Surprisingly often, developers know well the solution they have chosen - but that is the only alternative they know well. They cannot give any (well) qualified explanation why other alternavtives were rejcected. I think it is important (in any field, both engineering ones and others) to be capable of defending the rejection of other alternatives as it is to defend the selected one. If you cannot, then I get the impression that you have not really considered the alternatives, just ignored them. And that is what worries me.
For UTF16: yes, that is given, as an internal working format. Yet you should consider what you will be using an external format: UTF-8 is far more widespread for interchange of text info. When is it more appropriate? If you go for UTF-16, will you be prepared to read both big- and little-endian variants, or assume that you will exchange files only with other .net-based applications? Will you be prepared to handle characters outside the Basic Multilingual Plane, i.e. with code points >64Ki?
Even if your response is: We will assume little-endian, we will assume that we never need to handle non-BMP-characters, we will assume that 640K is enough for everyone, these should be deliberate decisions, not made by defaulting.
When Bill Gates was confronted with the 640k-quote, he didn't positively confirm it, but certainly didn't deny it: He might very well have made that remark in the discussion of how to split the available 1 Mbyte among the OS and user processes. Given that 1 MB limit, giving 384 kB to the OS and 640 kB to application code should be a big enough share for the applications, otherwise the OS will be cramped in too little space. 640k is enough for everyone. - In such a context, where the reasoning is explained, the quote suddenly makes a lot more sense. Actually, it is quite reasonable!
That is how I like it. Knowing why you make the decisions you do, when there is a decision to make. Part of this is includes awareness of when there is a decision to make - do not ignore that you actually do have a choice between your default alternative and something else.
|
|
|
|
|
Member 7989122 wrote: We should spend some of our efforts on learning why these othere alternatives were developed at all. 8 bit is not developed as an alternative.
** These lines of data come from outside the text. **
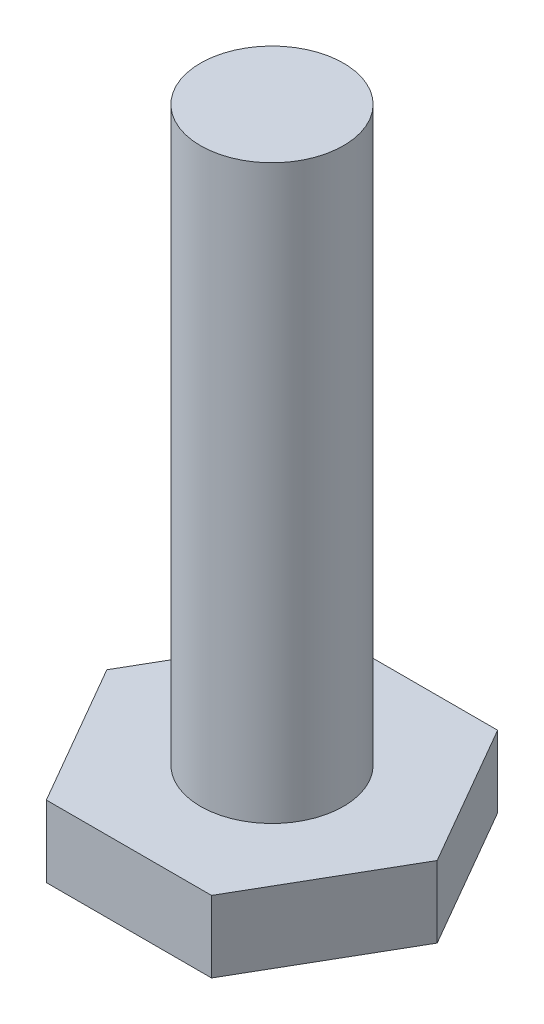
ISO-10303-21;
HEADER;
FILE_DESCRIPTION(('STEP AP214'),'2;1');
FILE_NAME('part.step','',(''),(''),'','','');
FILE_SCHEMA(('AUTOMOTIVE_DESIGN { 1 0 10303 214 1 1 1 1 }'));
ENDSEC;
DATA;
#1=APPLICATION_CONTEXT('core data for automotive mechanical design processes');
#2=APPLICATION_PROTOCOL_DEFINITION('international standard','automotive_design',2000,#1);
#3=PRODUCT_CONTEXT('',#1,'mechanical');
#4=PRODUCT('Part','Part','',(#3));
#5=PRODUCT_RELATED_PRODUCT_CATEGORY('part','',(#4));
#6=PRODUCT_DEFINITION_FORMATION('','',#4);
#7=PRODUCT_DEFINITION_CONTEXT('part definition',#1,'design');
#8=PRODUCT_DEFINITION('design','',#6,#7);
#9=PRODUCT_DEFINITION_SHAPE('','',#8);
#10=(LENGTH_UNIT() NAMED_UNIT(*) SI_UNIT(.MILLI.,.METRE.));
#11=(NAMED_UNIT(*) PLANE_ANGLE_UNIT() SI_UNIT($,.RADIAN.));
#12=(NAMED_UNIT(*) SI_UNIT($,.STERADIAN.) SOLID_ANGLE_UNIT());
#13=UNCERTAINTY_MEASURE_WITH_UNIT(LENGTH_MEASURE(1.E-05),#10,'distance_accuracy_value','');
#14=(GEOMETRIC_REPRESENTATION_CONTEXT(3) GLOBAL_UNCERTAINTY_ASSIGNED_CONTEXT((#13)) GLOBAL_UNIT_ASSIGNED_CONTEXT((#10,
#11,#12)) REPRESENTATION_CONTEXT('',''));
#15=CARTESIAN_POINT('',(0.,0.,0.));
#16=DIRECTION('',(0.,0.,1.));
#17=DIRECTION('',(1.,0.,0.));
#18=AXIS2_PLACEMENT_3D('',#15,#16,#17);
#19=CARTESIAN_POINT('',(7.33234841870825,3.175,0.));
#20=DIRECTION('',(-0.866025403784438,0.,0.5));
#21=DIRECTION('',(0.5,0.,0.866025403784439));
#22=AXIS2_PLACEMENT_3D('',#19,#20,#21);
#23=PLANE('',#22);
#24=DIRECTION('',(-0.5,0.,-0.866025403784438));
#25=VECTOR('',#24,1.);
#26=CARTESIAN_POINT('',(7.33234841870825,0.,0.));
#27=LINE('',#26,#25);
#28=CARTESIAN_POINT('',(7.33234841870825,0.,0.));
#29=VERTEX_POINT('',#28);
#30=CARTESIAN_POINT('',(3.66617420935412,0.,-6.35));
#31=VERTEX_POINT('',#30);
#32=EDGE_CURVE('E119',#29,#31,#27,.T.);
#33=ORIENTED_EDGE('',*,*,#32,.T.);
#34=DIRECTION('',(0.,-1.,0.));
#35=VECTOR('',#34,1.);
#36=CARTESIAN_POINT('',(3.66617420935412,3.175,-6.35));
#37=LINE('',#36,#35);
#38=CARTESIAN_POINT('',(3.66617420935412,3.175,-6.35));
#39=VERTEX_POINT('',#38);
#40=EDGE_CURVE('E36',#39,#31,#37,.T.);
#41=ORIENTED_EDGE('',*,*,#40,.F.);
#42=DIRECTION('',(-0.5,0.,-0.866025403784438));
#43=VECTOR('',#42,1.);
#44=CARTESIAN_POINT('',(7.33234841870825,3.175,0.));
#45=LINE('',#44,#43);
#46=CARTESIAN_POINT('',(7.33234841870825,3.175,0.));
#47=VERTEX_POINT('',#46);
#48=EDGE_CURVE('E130',#47,#39,#45,.T.);
#49=ORIENTED_EDGE('',*,*,#48,.F.);
#50=DIRECTION('',(0.,-1.,0.));
#51=VECTOR('',#50,1.);
#52=CARTESIAN_POINT('',(7.33234841870825,3.175,0.));
#53=LINE('',#52,#51);
#54=EDGE_CURVE('E115',#47,#29,#53,.T.);
#55=ORIENTED_EDGE('',*,*,#54,.T.);
#56=EDGE_LOOP('',(#33,#41,#49,#55));
#57=FACE_BOUND('',#56,.T.);
#58=ADVANCED_FACE('F33',(#57),#23,.F.);
#59=CARTESIAN_POINT('',(3.66617420935412,3.175,-6.35));
#60=DIRECTION('',(0.,0.,1.));
#61=DIRECTION('',(1.,0.,0.));
#62=AXIS2_PLACEMENT_3D('',#59,#60,#61);
#63=PLANE('',#62);
#64=DIRECTION('',(-1.,0.,0.));
#65=VECTOR('',#64,1.);
#66=CARTESIAN_POINT('',(3.66617420935412,0.,-6.35));
#67=LINE('',#66,#65);
#68=CARTESIAN_POINT('',(-3.66617420935412,0.,-6.35));
#69=VERTEX_POINT('',#68);
#70=EDGE_CURVE('E122',#31,#69,#67,.T.);
#71=ORIENTED_EDGE('',*,*,#70,.T.);
#72=DIRECTION('',(0.,-1.,0.));
#73=VECTOR('',#72,1.);
#74=CARTESIAN_POINT('',(-3.66617420935412,3.175,-6.35));
#75=LINE('',#74,#73);
#76=CARTESIAN_POINT('',(-3.66617420935412,3.175,-6.35));
#77=VERTEX_POINT('',#76);
#78=EDGE_CURVE('E133',#77,#69,#75,.T.);
#79=ORIENTED_EDGE('',*,*,#78,.F.);
#80=DIRECTION('',(-1.,0.,0.));
#81=VECTOR('',#80,1.);
#82=CARTESIAN_POINT('',(3.66617420935412,3.175,-6.35));
#83=LINE('',#82,#81);
#84=EDGE_CURVE('E88',#39,#77,#83,.T.);
#85=ORIENTED_EDGE('',*,*,#84,.F.);
#86=ORIENTED_EDGE('',*,*,#40,.T.);
#87=EDGE_LOOP('',(#71,#79,#85,#86));
#88=FACE_BOUND('',#87,.T.);
#89=ADVANCED_FACE('F138',(#88),#63,.F.);
#90=CARTESIAN_POINT('',(-3.66617420935412,3.175,-6.35));
#91=DIRECTION('',(0.866025403784439,0.,0.499999999999999));
#92=DIRECTION('',(0.499999999999999,0.,-0.866025403784439));
#93=AXIS2_PLACEMENT_3D('',#90,#91,#92);
#94=PLANE('',#93);
#95=DIRECTION('',(-0.499999999999999,0.,0.866025403784439));
#96=VECTOR('',#95,1.);
#97=CARTESIAN_POINT('',(-3.66617420935412,0.,-6.35));
#98=LINE('',#97,#96);
#99=CARTESIAN_POINT('',(-7.33234841870824,0.,0.));
#100=VERTEX_POINT('',#99);
#101=EDGE_CURVE('E125',#69,#100,#98,.T.);
#102=ORIENTED_EDGE('',*,*,#101,.T.);
#103=DIRECTION('',(0.,-1.,0.));
#104=VECTOR('',#103,1.);
#105=CARTESIAN_POINT('',(-7.33234841870824,3.175,0.));
#106=LINE('',#105,#104);
#107=CARTESIAN_POINT('',(-7.33234841870824,3.175,0.));
#108=VERTEX_POINT('',#107);
#109=EDGE_CURVE('E110',#108,#100,#106,.T.);
#110=ORIENTED_EDGE('',*,*,#109,.F.);
#111=DIRECTION('',(-0.499999999999999,0.,0.866025403784439));
#112=VECTOR('',#111,1.);
#113=CARTESIAN_POINT('',(-3.66617420935412,3.175,-6.35));
#114=LINE('',#113,#112);
#115=EDGE_CURVE('E101',#77,#108,#114,.T.);
#116=ORIENTED_EDGE('',*,*,#115,.F.);
#117=ORIENTED_EDGE('',*,*,#78,.T.);
#118=EDGE_LOOP('',(#102,#110,#116,#117));
#119=FACE_BOUND('',#118,.T.);
#120=ADVANCED_FACE('F144',(#119),#94,.F.);
#121=CARTESIAN_POINT('',(-7.33234841870824,3.175,0.));
#122=DIRECTION('',(0.866025403784438,0.,-0.5));
#123=DIRECTION('',(-0.5,0.,-0.866025403784439));
#124=AXIS2_PLACEMENT_3D('',#121,#122,#123);
#125=PLANE('',#124);
#126=DIRECTION('',(0.5,0.,0.866025403784438));
#127=VECTOR('',#126,1.);
#128=CARTESIAN_POINT('',(-7.33234841870824,0.,0.));
#129=LINE('',#128,#127);
#130=CARTESIAN_POINT('',(-3.66617420935412,0.,6.35));
#131=VERTEX_POINT('',#130);
#132=EDGE_CURVE('E109',#100,#131,#129,.T.);
#133=ORIENTED_EDGE('',*,*,#132,.T.);
#134=DIRECTION('',(0.,-1.,0.));
#135=VECTOR('',#134,1.);
#136=CARTESIAN_POINT('',(-3.66617420935412,3.175,6.35));
#137=LINE('',#136,#135);
#138=CARTESIAN_POINT('',(-3.66617420935412,3.175,6.35));
#139=VERTEX_POINT('',#138);
#140=EDGE_CURVE('E106',#139,#131,#137,.T.);
#141=ORIENTED_EDGE('',*,*,#140,.F.);
#142=DIRECTION('',(0.5,0.,0.866025403784438));
#143=VECTOR('',#142,1.);
#144=CARTESIAN_POINT('',(-7.33234841870824,3.175,0.));
#145=LINE('',#144,#143);
#146=EDGE_CURVE('E95',#108,#139,#145,.T.);
#147=ORIENTED_EDGE('',*,*,#146,.F.);
#148=ORIENTED_EDGE('',*,*,#109,.T.);
#149=EDGE_LOOP('',(#133,#141,#147,#148));
#150=FACE_BOUND('',#149,.T.);
#151=ADVANCED_FACE('F107',(#150),#125,.F.);
#152=CARTESIAN_POINT('',(-3.66617420935412,3.175,6.35));
#153=DIRECTION('',(0.,0.,-1.));
#154=DIRECTION('',(-1.,0.,0.));
#155=AXIS2_PLACEMENT_3D('',#152,#153,#154);
#156=PLANE('',#155);
#157=DIRECTION('',(1.,0.,0.));
#158=VECTOR('',#157,1.);
#159=CARTESIAN_POINT('',(-3.66617420935412,0.,6.35));
#160=LINE('',#159,#158);
#161=CARTESIAN_POINT('',(3.66617420935412,0.,6.35));
#162=VERTEX_POINT('',#161);
#163=EDGE_CURVE('E73',#131,#162,#160,.T.);
#164=ORIENTED_EDGE('',*,*,#163,.T.);
#165=DIRECTION('',(0.,-1.,0.));
#166=VECTOR('',#165,1.);
#167=CARTESIAN_POINT('',(3.66617420935412,3.175,6.35));
#168=LINE('',#167,#166);
#169=CARTESIAN_POINT('',(3.66617420935412,3.175,6.35));
#170=VERTEX_POINT('',#169);
#171=EDGE_CURVE('E111',#170,#162,#168,.T.);
#172=ORIENTED_EDGE('',*,*,#171,.F.);
#173=DIRECTION('',(1.,0.,0.));
#174=VECTOR('',#173,1.);
#175=CARTESIAN_POINT('',(-3.66617420935412,3.175,6.35));
#176=LINE('',#175,#174);
#177=EDGE_CURVE('E99',#139,#170,#176,.T.);
#178=ORIENTED_EDGE('',*,*,#177,.F.);
#179=ORIENTED_EDGE('',*,*,#140,.T.);
#180=EDGE_LOOP('',(#164,#172,#178,#179));
#181=FACE_BOUND('',#180,.T.);
#182=ADVANCED_FACE('F113',(#181),#156,.F.);
#183=CARTESIAN_POINT('',(3.66617420935412,3.175,6.35));
#184=DIRECTION('',(-0.866025403784439,0.,-0.5));
#185=DIRECTION('',(-0.5,0.,0.866025403784439));
#186=AXIS2_PLACEMENT_3D('',#183,#184,#185);
#187=PLANE('',#186);
#188=DIRECTION('',(0.5,0.,-0.866025403784439));
#189=VECTOR('',#188,1.);
#190=CARTESIAN_POINT('',(3.66617420935412,0.,6.35));
#191=LINE('',#190,#189);
#192=EDGE_CURVE('E79',#162,#29,#191,.T.);
#193=ORIENTED_EDGE('',*,*,#192,.T.);
#194=ORIENTED_EDGE('',*,*,#54,.F.);
#195=DIRECTION('',(0.5,0.,-0.866025403784439));
#196=VECTOR('',#195,1.);
#197=CARTESIAN_POINT('',(3.66617420935412,3.175,6.35));
#198=LINE('',#197,#196);
#199=EDGE_CURVE('E50',#170,#47,#198,.T.);
#200=ORIENTED_EDGE('',*,*,#199,.F.);
#201=ORIENTED_EDGE('',*,*,#171,.T.);
#202=EDGE_LOOP('',(#193,#194,#200,#201));
#203=FACE_BOUND('',#202,.T.);
#204=ADVANCED_FACE('F160',(#203),#187,.F.);
#205=CARTESIAN_POINT('',(0.,3.175,0.));
#206=DIRECTION('',(0.,1.,0.));
#207=DIRECTION('',(0.,0.,1.));
#208=AXIS2_PLACEMENT_3D('',#205,#206,#207);
#209=PLANE('',#208);
#210=CARTESIAN_POINT('',(0.,3.175,0.));
#211=DIRECTION('',(0.,1.,0.));
#212=DIRECTION('',(0.,0.,1.));
#213=AXIS2_PLACEMENT_3D('',#210,#211,#212);
#214=CIRCLE('',#213,3.175);
#215=CARTESIAN_POINT('',(0.,3.175,3.175));
#216=VERTEX_POINT('',#215);
#217=EDGE_CURVE('E11',#216,#216,#214,.T.);
#218=ORIENTED_EDGE('',*,*,#217,.F.);
#219=EDGE_LOOP('',(#218));
#220=FACE_BOUND('',#219,.T.);
#221=ORIENTED_EDGE('',*,*,#48,.T.);
#222=ORIENTED_EDGE('',*,*,#84,.T.);
#223=ORIENTED_EDGE('',*,*,#115,.T.);
#224=ORIENTED_EDGE('',*,*,#146,.T.);
#225=ORIENTED_EDGE('',*,*,#177,.T.);
#226=ORIENTED_EDGE('',*,*,#199,.T.);
#227=EDGE_LOOP('',(#221,#222,#223,#224,#225,#226));
#228=FACE_BOUND('',#227,.T.);
#229=ADVANCED_FACE('F97',(#220,#228),#209,.T.);
#230=CARTESIAN_POINT('',(0.,0.,0.));
#231=DIRECTION('',(0.,1.,0.));
#232=DIRECTION('',(0.,0.,1.));
#233=AXIS2_PLACEMENT_3D('',#230,#231,#232);
#234=PLANE('',#233);
#235=ORIENTED_EDGE('',*,*,#32,.F.);
#236=ORIENTED_EDGE('',*,*,#192,.F.);
#237=ORIENTED_EDGE('',*,*,#163,.F.);
#238=ORIENTED_EDGE('',*,*,#132,.F.);
#239=ORIENTED_EDGE('',*,*,#101,.F.);
#240=ORIENTED_EDGE('',*,*,#70,.F.);
#241=EDGE_LOOP('',(#235,#236,#237,#238,#239,#240));
#242=FACE_BOUND('',#241,.T.);
#243=ADVANCED_FACE('F143',(#242),#234,.F.);
#244=CARTESIAN_POINT('',(0.,28.575,0.));
#245=DIRECTION('',(0.,-1.,0.));
#246=DIRECTION('',(0.,0.,-1.));
#247=AXIS2_PLACEMENT_3D('',#244,#245,#246);
#248=CYLINDRICAL_SURFACE('',#247,3.175);
#249=CARTESIAN_POINT('',(0.,28.575,0.));
#250=DIRECTION('',(0.,1.,0.));
#251=DIRECTION('',(0.,0.,1.));
#252=AXIS2_PLACEMENT_3D('',#249,#250,#251);
#253=CIRCLE('',#252,3.175);
#254=CARTESIAN_POINT('',(0.,28.575,3.175));
#255=VERTEX_POINT('',#254);
#256=EDGE_CURVE('E123',#255,#255,#253,.T.);
#257=ORIENTED_EDGE('',*,*,#256,.F.);
#258=EDGE_LOOP('',(#257));
#259=FACE_BOUND('',#258,.T.);
#260=ORIENTED_EDGE('',*,*,#217,.T.);
#261=EDGE_LOOP('',(#260));
#262=FACE_BOUND('',#261,.T.);
#263=ADVANCED_FACE('F153',(#259,#262),#248,.T.);
#264=CARTESIAN_POINT('',(0.,28.575,0.));
#265=DIRECTION('',(0.,1.,0.));
#266=DIRECTION('',(0.,0.,1.));
#267=AXIS2_PLACEMENT_3D('',#264,#265,#266);
#268=PLANE('',#267);
#269=ORIENTED_EDGE('',*,*,#256,.T.);
#270=EDGE_LOOP('',(#269));
#271=FACE_BOUND('',#270,.T.);
#272=ADVANCED_FACE('F151',(#271),#268,.T.);
#273=CLOSED_SHELL('',(#58,#89,#120,#151,#182,#204,#229,#243,#263,#272));
#274=MANIFOLD_SOLID_BREP('B2',#273);
#275=ADVANCED_BREP_SHAPE_REPRESENTATION('',(#18,#274),#14);
#276=SHAPE_DEFINITION_REPRESENTATION(#9,#275);
ENDSEC;
END-ISO-10303-21;

ASCII is not an alternative for UTF16.
Member 7989122 wrote: If you cannot, then I get the impression that you have not really considered the alternatives, just ignored them. And that is what worries me. What worries me is that you see improvements of the wheel (with a documented history) as alternatives for more modern standards.
Member 7989122 wrote: or assume that you will exchange files only with other .net-based applications? No, you don't assume; you define an exchange-protocol in specific text-encoding. Should be part of the specs.
Member 7989122 wrote: the quote suddenly makes a lot more sense. The quote that's not his, you mean?
Member 7989122 wrote: That is how I like it. Knowing why you make the decisions you do, when there is a decision to make. Aw, can't argue with that. I assume all your databases are in BCNF?
Bastard Programmer from Hell
If you can't read my code, try converting it here[^]
"If you just follow the bacon Eddy, wherever it leads you, then you won't have to think about politics." -- Some Bell.
|
|
|
|
|
Member 7989122 wrote: Isn't the whole bunch of them wheel reinventions? No, they're refinements of said wheel.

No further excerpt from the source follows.